Since Israel launched its military operation in Gaza, other countries are seeing an increase in anti-Semitic hate speech and attacks. In France, synagogues are being firebombed. In Belgium, coffee shops are barring Jews from entry. In Chicago, leaflets threatening the Jewish community are being discovered on parked cars. In India, Jewish sites are being threatened with terrorist attacks. And all around the world, protests that start out as “pro-Gaza” or “pro-Palestine” or “anti-Israel” or “anti-Zionist” are quickly devolving into pure, old-fashioned anti-Semitism.
For many American Jewish liberals, this trend is deeply dispiriting — and confusing. They’ve spent years arguing that anti-Zionism and anti-Semitism are two different things, that the former isn’t necessarily rooted in the latter. But now, they complain, that argument is becoming harder and harder to sustain. The lines are getting blurry. If these protesters don’t actually hate Jews, they ask, then why do they keep conflating Jews and the Israeli government? Why are they resorting to this anti-Jewish — and not simply anti-Israel — rhetoric?
Or, in the words of recent Forward contributor Tova Ross:
When angry protesters shout “Death to the Jews!” at “anti-Israel” rallies in Antwerp, Berlin and London, and Jews are trapped in a Paris synagogue and firebombed by an angry mob, how can you honestly posit that anti-Zionism has nothing to do with anti-Semitism?

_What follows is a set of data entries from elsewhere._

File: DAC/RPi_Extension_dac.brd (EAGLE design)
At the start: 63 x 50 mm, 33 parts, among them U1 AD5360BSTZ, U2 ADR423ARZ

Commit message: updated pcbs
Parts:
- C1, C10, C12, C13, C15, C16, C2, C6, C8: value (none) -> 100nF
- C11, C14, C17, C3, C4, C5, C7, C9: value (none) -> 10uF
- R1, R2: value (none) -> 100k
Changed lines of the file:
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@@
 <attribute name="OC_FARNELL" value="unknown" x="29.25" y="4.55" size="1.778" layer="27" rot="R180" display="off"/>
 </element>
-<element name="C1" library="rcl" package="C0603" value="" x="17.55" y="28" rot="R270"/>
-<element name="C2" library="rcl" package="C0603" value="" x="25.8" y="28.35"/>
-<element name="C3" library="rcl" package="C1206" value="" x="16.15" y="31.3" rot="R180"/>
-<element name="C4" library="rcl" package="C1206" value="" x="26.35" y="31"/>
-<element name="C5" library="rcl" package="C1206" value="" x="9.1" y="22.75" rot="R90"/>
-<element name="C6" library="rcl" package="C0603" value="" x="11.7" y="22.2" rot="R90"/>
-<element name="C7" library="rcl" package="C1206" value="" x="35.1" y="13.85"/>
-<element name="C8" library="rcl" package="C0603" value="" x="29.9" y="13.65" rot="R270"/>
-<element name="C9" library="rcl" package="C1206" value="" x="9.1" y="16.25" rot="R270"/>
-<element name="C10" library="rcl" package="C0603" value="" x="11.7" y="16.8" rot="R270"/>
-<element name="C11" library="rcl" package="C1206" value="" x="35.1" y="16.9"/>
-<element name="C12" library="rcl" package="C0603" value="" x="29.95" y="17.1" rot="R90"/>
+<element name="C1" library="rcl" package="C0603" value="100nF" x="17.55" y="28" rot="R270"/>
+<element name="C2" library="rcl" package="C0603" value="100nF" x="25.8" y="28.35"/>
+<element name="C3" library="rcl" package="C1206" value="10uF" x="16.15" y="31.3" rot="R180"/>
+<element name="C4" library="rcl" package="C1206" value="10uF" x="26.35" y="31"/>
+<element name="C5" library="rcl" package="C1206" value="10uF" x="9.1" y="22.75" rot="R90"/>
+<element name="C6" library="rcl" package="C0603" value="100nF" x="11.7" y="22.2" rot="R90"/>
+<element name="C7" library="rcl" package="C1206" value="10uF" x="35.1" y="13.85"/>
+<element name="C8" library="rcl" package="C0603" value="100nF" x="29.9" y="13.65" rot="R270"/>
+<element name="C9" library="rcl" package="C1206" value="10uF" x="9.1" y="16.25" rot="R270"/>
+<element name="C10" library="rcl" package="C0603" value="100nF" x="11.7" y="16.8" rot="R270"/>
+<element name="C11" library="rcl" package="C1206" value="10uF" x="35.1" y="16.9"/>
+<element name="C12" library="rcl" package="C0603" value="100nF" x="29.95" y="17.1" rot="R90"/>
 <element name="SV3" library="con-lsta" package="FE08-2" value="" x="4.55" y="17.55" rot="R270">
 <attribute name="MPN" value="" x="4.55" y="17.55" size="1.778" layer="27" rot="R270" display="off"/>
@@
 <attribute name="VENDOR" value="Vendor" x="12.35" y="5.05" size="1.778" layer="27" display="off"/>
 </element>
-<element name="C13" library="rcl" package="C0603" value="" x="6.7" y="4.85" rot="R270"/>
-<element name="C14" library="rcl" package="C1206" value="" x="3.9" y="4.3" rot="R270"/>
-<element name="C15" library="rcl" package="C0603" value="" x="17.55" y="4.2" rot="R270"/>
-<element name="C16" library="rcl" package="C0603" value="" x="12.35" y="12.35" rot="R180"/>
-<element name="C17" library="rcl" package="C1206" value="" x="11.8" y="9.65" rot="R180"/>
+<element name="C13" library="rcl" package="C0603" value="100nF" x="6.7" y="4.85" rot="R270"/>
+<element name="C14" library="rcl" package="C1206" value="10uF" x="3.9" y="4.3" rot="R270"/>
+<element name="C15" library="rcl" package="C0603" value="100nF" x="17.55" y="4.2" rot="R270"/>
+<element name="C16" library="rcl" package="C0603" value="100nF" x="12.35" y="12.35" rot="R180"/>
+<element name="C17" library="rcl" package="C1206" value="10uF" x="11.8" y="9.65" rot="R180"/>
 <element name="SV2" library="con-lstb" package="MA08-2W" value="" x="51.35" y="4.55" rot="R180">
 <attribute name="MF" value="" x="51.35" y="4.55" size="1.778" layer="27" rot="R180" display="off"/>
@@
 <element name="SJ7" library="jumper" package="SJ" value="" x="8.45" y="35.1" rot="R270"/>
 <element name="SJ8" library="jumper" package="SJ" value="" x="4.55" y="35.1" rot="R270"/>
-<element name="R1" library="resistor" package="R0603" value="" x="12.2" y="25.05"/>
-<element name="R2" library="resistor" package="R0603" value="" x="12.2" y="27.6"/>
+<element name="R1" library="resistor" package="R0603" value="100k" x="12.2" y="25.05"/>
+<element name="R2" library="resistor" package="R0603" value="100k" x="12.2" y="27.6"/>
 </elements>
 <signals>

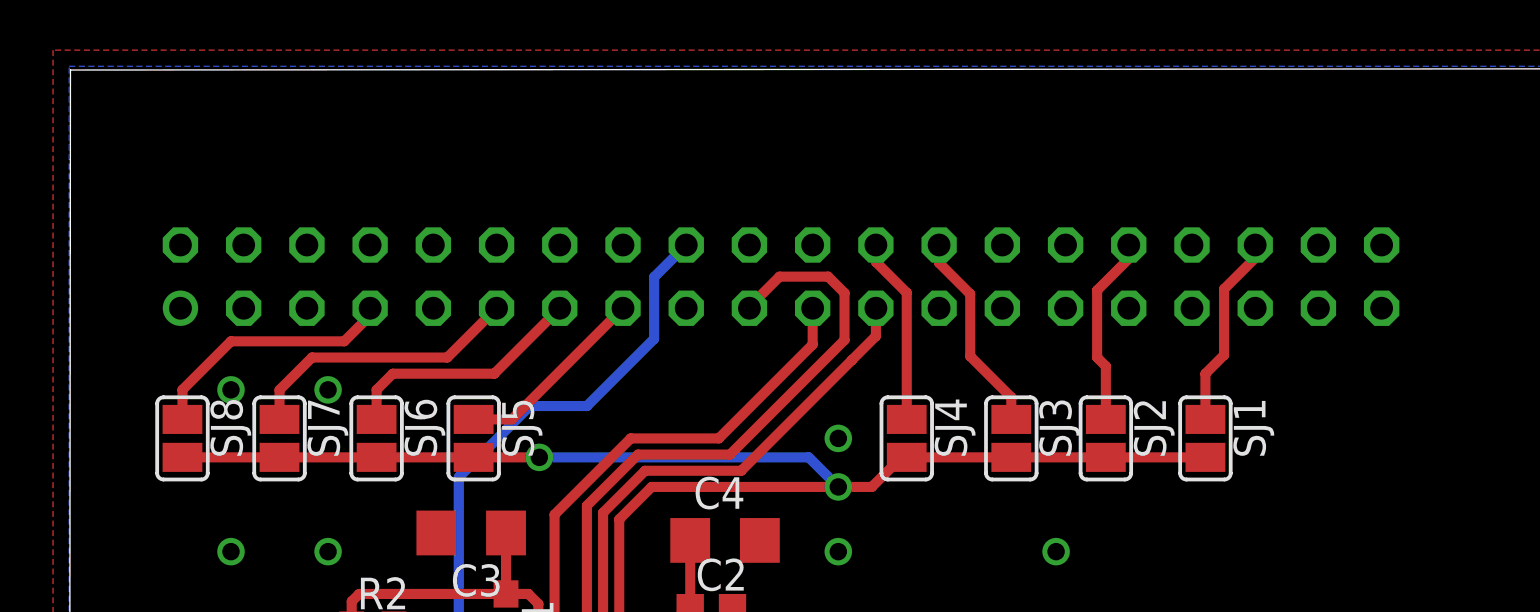
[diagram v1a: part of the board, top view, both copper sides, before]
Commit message: added additional id jumpers to adc and dac board
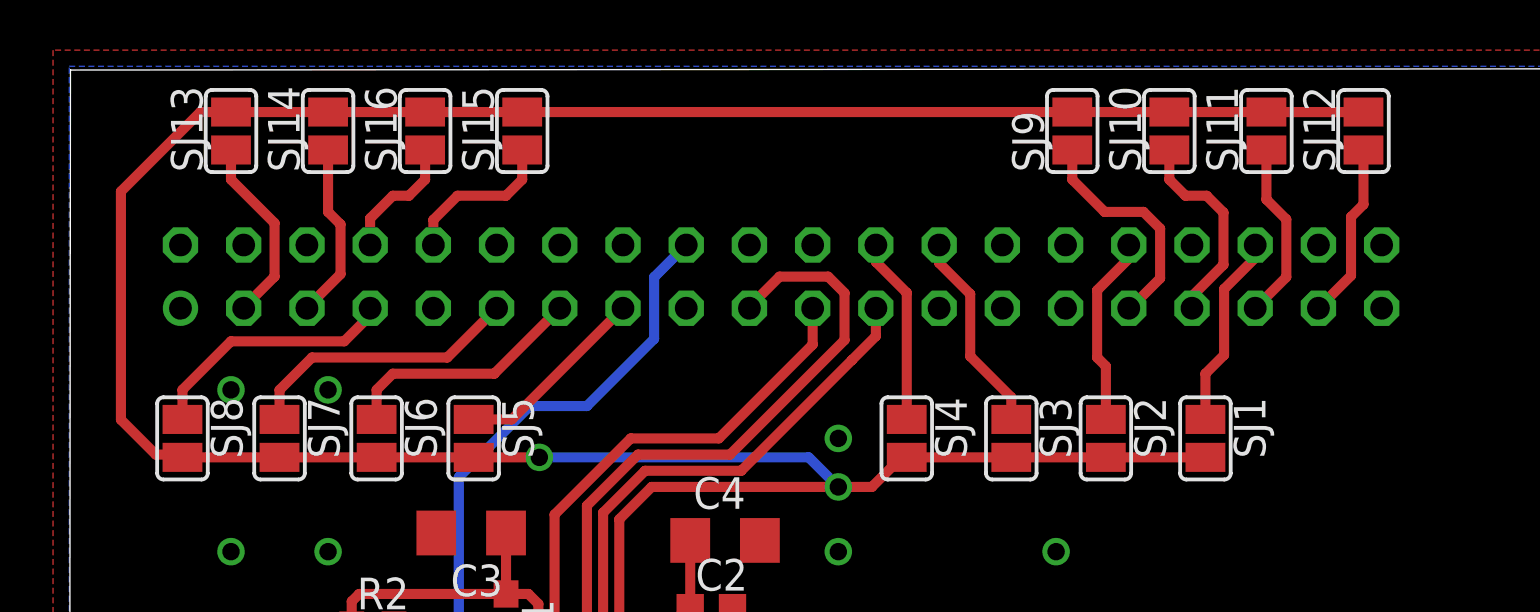
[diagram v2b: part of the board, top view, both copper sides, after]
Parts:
- added SJ10, SJ11, SJ12, SJ13, SJ14, SJ15, SJ16, SJ9: (no value), jumper:SJ
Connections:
- new net N$19: SJ9.1, SV5.31
- new net N$28: SJ10.1, SV5.33
- new net N$29: SJ11.1, SV5.35
- new net N$30: SJ12.1, SV5.37
- new net N$31: SJ13.1, SV5.3
- new net N$32: SJ14.1, SV5.5
- new net N$33: SJ16.1, SV5.8
- new net N$34: SJ15.1, SV5.10
- net SYNC: now also SJ10.2, SJ11.2, SJ12.2, SJ13.2, SJ14.2, SJ15.2, SJ16.2, SJ9.2
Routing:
- net SYNC: track 58.8 -> 126.2 mm
- net N$19: track 0.00 -> 9.29 mm
- net N$28: track 0.00 -> 8.28 mm
- net N$31: track 0.00 -> 7.60 mm
- net N$29: track 0.00 -> 7.21 mm
- net N$32: track 0.00 -> 7.12 mm
- net N$30: track 0.00 -> 7.11 mm
- net N$34: track 0.00 -> 6.44 mm
- net N$33: track 0.00 -> 5.11 mm
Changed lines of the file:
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@@
 <element name="R1" library="resistor" package="R0603" value="100k" x="12.2" y="25.05"/>
 <element name="R2" library="resistor" package="R0603" value="100k" x="12.2" y="27.6"/>
+<element name="SJ9" library="jumper" package="SJ" value="" x="40.3" y="47.45" rot="R90"/>
+<element name="SJ10" library="jumper" package="SJ" value="" x="44.2" y="47.45" rot="R90"/>
+<element name="SJ11" library="jumper" package="SJ" value="" x="48.1" y="47.45" rot="R90"/>
+<element name="SJ12" library="jumper" package="SJ" value="" x="52" y="47.45" rot="R90"/>
+<element name="SJ13" library="jumper" package="SJ" value="" x="6.5" y="47.45" rot="R90"/>
+<element name="SJ14" library="jumper" package="SJ" value="" x="10.4" y="47.45" rot="R90"/>
+<element name="SJ15" library="jumper" package="SJ" value="" x="18.2" y="47.45" rot="R90"/>
+<element name="SJ16" library="jumper" package="SJ" value="" x="14.3" y="47.45" rot="R90"/>
 </elements>
 <signals>
@@
 <wire x1="33.438" y1="34.338" x2="32.25" y2="33.15" width="0.4064" layer="1"/>
 <wire x1="32.25" y1="33.15" x2="30.9" y2="33.15" width="0.4064" layer="1"/>
+<contactref element="SJ9" pad="2"/>
+<contactref element="SJ10" pad="2"/>
+<contactref element="SJ11" pad="2"/>
+<contactref element="SJ12" pad="2"/>
+<contactref element="SJ15" pad="2"/>
+<contactref element="SJ16" pad="2"/>
+<contactref element="SJ14" pad="2"/>
+<contactref element="SJ13" pad="2"/>
+<wire x1="52" y1="48.212" x2="48.1" y2="48.212" width="0.4064" layer="1"/>
+<wire x1="52" y1="48.212" x2="44.2" y2="48.212" width="0.4064" layer="1"/>
+<wire x1="18.2" y1="48.212" x2="40.3" y2="48.212" width="0.4064" layer="1"/>
+<wire x1="40.3" y1="48.212" x2="44.2" y2="48.212" width="0.4064" layer="1"/>
+<wire x1="18.2" y1="48.212" x2="14.3" y2="48.212" width="0.4064" layer="1"/>
+<wire x1="6.5" y1="48.212" x2="5.268409375" y2="48.212" width="0.4064" layer="1"/>
+<wire x1="5.268409375" y1="48.212" x2="2.077546875" y2="45.0211375" width="0.4064" layer="1"/>
+<wire x1="2.077546875" y1="45.0211375" x2="2.077546875" y2="35.851053125" width="0.4064" layer="1"/>
+<wire x1="2.077546875" y1="35.851053125" x2="3.4786" y2="34.45" width="0.4064" layer="1"/>
+<wire x1="3.4786" y1="34.45" x2="4.438" y2="34.45" width="0.4064" layer="1"/>
+<wire x1="4.438" y1="34.45" x2="4.55" y2="34.338" width="0.4064" layer="1"/>
+<wire x1="6.5" y1="48.212" x2="10.4" y2="48.212" width="0.4064" layer="1"/>
+<wire x1="10.4" y1="48.212" x2="14.3" y2="48.212" width="0.4064" layer="1"/>
 </signal>
 <signal name="N$20">
@@
 <wire x1="15.65" y1="22.85" x2="15.65" y2="25.35" width="0.4064" layer="1"/>
 </signal>
+<signal name="N$19">
+<contactref element="SV5" pad="31"/>
+<contactref element="SJ9" pad="1"/>
+<wire x1="42.57" y1="40.33" x2="42.63" y2="40.33" width="0.4064" layer="1"/>
+<wire x1="42.63" y1="40.33" x2="43.830259375" y2="41.530259375" width="0.4064" layer="1"/>
+<wire x1="43.830259375" y1="41.530259375" x2="43.83025625" y2="43.531503125" width="0.4064" layer="1"/>
+<wire x1="43.83025625" y1="43.531503125" x2="43.161759375" y2="44.2" width="0.4064" layer="1"/>
+<wire x1="43.161759375" y1="44.2" x2="41.6" y2="44.2" width="0.4064" layer="1"/>
+<wire x1="41.6" y1="44.2" x2="40.3" y2="45.5" width="0.4064" layer="1"/>
+<wire x1="40.3" y1="45.5" x2="40.3" y2="46.688" width="0.4064" layer="1"/>
+</signal>
+<signal name="N$28">
+<contactref element="SV5" pad="33"/>
+<contactref element="SJ10" pad="1"/>
+<wire x1="44.2" y1="46.688" x2="44.2" y2="45.5" width="0.4064" layer="1"/>
+<wire x1="44.2" y1="45.5" x2="44.85" y2="44.85" width="0.4064" layer="1"/>
+<wire x1="44.85" y1="44.85" x2="45.7" y2="44.85" width="0.4064" layer="1"/>
+<wire x1="45.7" y1="44.85" x2="46.374953125" y2="44.175046875" width="0.4064" layer="1"/>
+<wire x1="45.11" y1="40.33" x2="45.11" y2="40.81" width="0.4064" layer="1"/>
+<wire x1="46.374953125" y1="44.175046875" x2="46.374953125" y2="42.074953125" width="0.4064" layer="1"/>
+<wire x1="46.374953125" y1="42.074953125" x2="45.11" y2="40.81" width="0.4064" layer="1"/>
+</signal>
+<signal name="N$29">
+<contactref element="SV5" pad="35"/>
+<contactref element="SJ11" pad="1"/>
+<wire x1="48.1" y1="46.688" x2="48.1" y2="44.7" width="0.4064" layer="1"/>
+<wire x1="48.1" y1="44.7" x2="48.9" y2="43.9" width="0.4064" layer="1"/>
+<wire x1="48.9" y1="43.9" x2="48.9" y2="41.58" width="0.4064" layer="1"/>
+<wire x1="48.9" y1="41.58" x2="47.65" y2="40.33" width="0.4064" layer="1"/>
+</signal>
+<signal name="N$30">
+<contactref element="SV5" pad="37"/>
+<contactref element="SJ12" pad="1"/>
+<wire x1="52" y1="46.688" x2="52" y2="44.5" width="0.4064" layer="1"/>
+<wire x1="52" y1="44.5" x2="51.5" y2="44" width="0.4064" layer="1"/>
+<wire x1="51.5" y1="44" x2="51.5" y2="41.64" width="0.4064" layer="1"/>
+<wire x1="51.5" y1="41.64" x2="50.19" y2="40.33" width="0.4064" layer="1"/>
+</signal>
+<signal name="N$31">
+<contactref element="SV5" pad="3"/>
+<contactref element="SJ13" pad="1"/>
+<wire x1="7.01" y1="40.33" x2="7.01" y2="40.36" width="0.4064" layer="1"/>
+<wire x1="7.01" y1="40.36" x2="8.25" y2="41.6" width="0.4064" layer="1"/>
+<wire x1="8.25" y1="41.6" x2="8.25" y2="43.75" width="0.4064" layer="1"/>
+<wire x1="8.25" y1="43.75" x2="6.5" y2="45.5" width="0.4064" layer="1"/>
+<wire x1="6.5" y1="46.688" x2="6.5" y2="45.5" width="0.4064" layer="1"/>
+</signal>
+<signal name="N$32">
+<contactref element="SV5" pad="5"/>
+<contactref element="SJ14" pad="1"/>
+<wire x1="9.55" y1="40.33" x2="9.55" y2="40.35" width="0.4064" layer="1"/>
+<wire x1="9.55" y1="40.35" x2="10.9" y2="41.7" width="0.4064" layer="1"/>
+<wire x1="10.9" y1="41.7" x2="10.9" y2="43.7" width="0.4064" layer="1"/>
+<wire x1="10.9" y1="43.7" x2="10.4" y2="44.2" width="0.4064" layer="1"/>
+<wire x1="10.4" y1="44.2" x2="10.4" y2="46.688" width="0.4064" layer="1"/>
+</signal>
+<signal name="N$33">
+<contactref element="SV5" pad="8"/>
+<contactref element="SJ16" pad="1"/>
+<wire x1="12.09" y1="42.87" x2="12.09" y2="43.94" width="0.4064" layer="1"/>
+<wire x1="12.09" y1="43.94" x2="13" y2="44.85" width="0.4064" layer="1"/>
+<wire x1="13" y1="44.85" x2="13.65" y2="44.85" width="0.4064" layer="1"/>
+<wire x1="13.65" y1="44.85" x2="14.3" y2="45.5" width="0.4064" layer="1"/>
+<wire x1="14.3" y1="45.5" x2="14.3" y2="46.688" width="0.4064" layer="1"/>
+</signal>
+<signal name="N$34">
+<contactref element="SV5" pad="10"/>
+<contactref element="SJ15" pad="1"/>
+<wire x1="14.63" y1="42.87" x2="14.63" y2="43.88" width="0.4064" layer="1"/>
+<wire x1="14.63" y1="43.88" x2="15.6" y2="44.85" width="0.4064" layer="1"/>
+<wire x1="15.6" y1="44.85" x2="17.55" y2="44.85" width="0.4064" layer="1"/>
+<wire x1="17.55" y1="44.85" x2="18.2" y2="45.5" width="0.4064" layer="1"/>
+<wire x1="18.2" y1="45.5" x2="18.2" y2="46.688" width="0.4064" layer="1"/>
+</signal>
 </signals>

My response to that question is: Of course the two have something to do with one another — of course they’re uncomfortably intertwined — and are you really so shocked by that?
Is it really so hard to understand why — after Jews have spent decades telling every Jewish child that they are owed a free trip to Israel, citizenship in Israel, life and land in Israel purely by virtue of being Jewish — the world is slow to distinguish between Jews and Israel?
Dear Diaspora Jews, I’m sorry to break it to you, but you can’t have it both ways. You can’t insist that every Jew is intrinsically part of the Israeli state and that Jews are also intrinsically separate from, and therefore not responsible for, the actions of the Israeli state. You can’t support or attend a Birthright trip, the basic premise of which — just look at the name — is that a Jew has only to be born to win the “right” to romp all over Israel, and then act all surprised when these things are conflated. You can’t applaud Israeli Prime Minister Benjamin Netanyahu when he goes around calling himself “the leader of the Jewish people,” and then get all huffy when Arabic-speakers use a single word to denote “Zionists” and “Israelis” and “Jews.”
Please, don’t misunderstand me, and don’t mischaracterize what I’m saying. This is not a defense of anti-Semitism, or of anti-Semitic speech and behavior. Anti-Semitism is, obviously, completely indefensible. When protesters veer away from the language of anti-Zionism — a legitimate political language, whether you agree with it or not — into the language of anti-Semitism, they should face serious consequences, as befitting any other hate speech.
I am not saying that the semantic slippage from anti-Zionism to anti-Semitism, which we’re seeing so much of at Gaza rallies these days, is excusable. What I am saying is that it’s not surprising. I wish we would all stop acting so shocked by it — and, instead, acknowledge the ways in which Jewish words and actions have helped to blur these lines.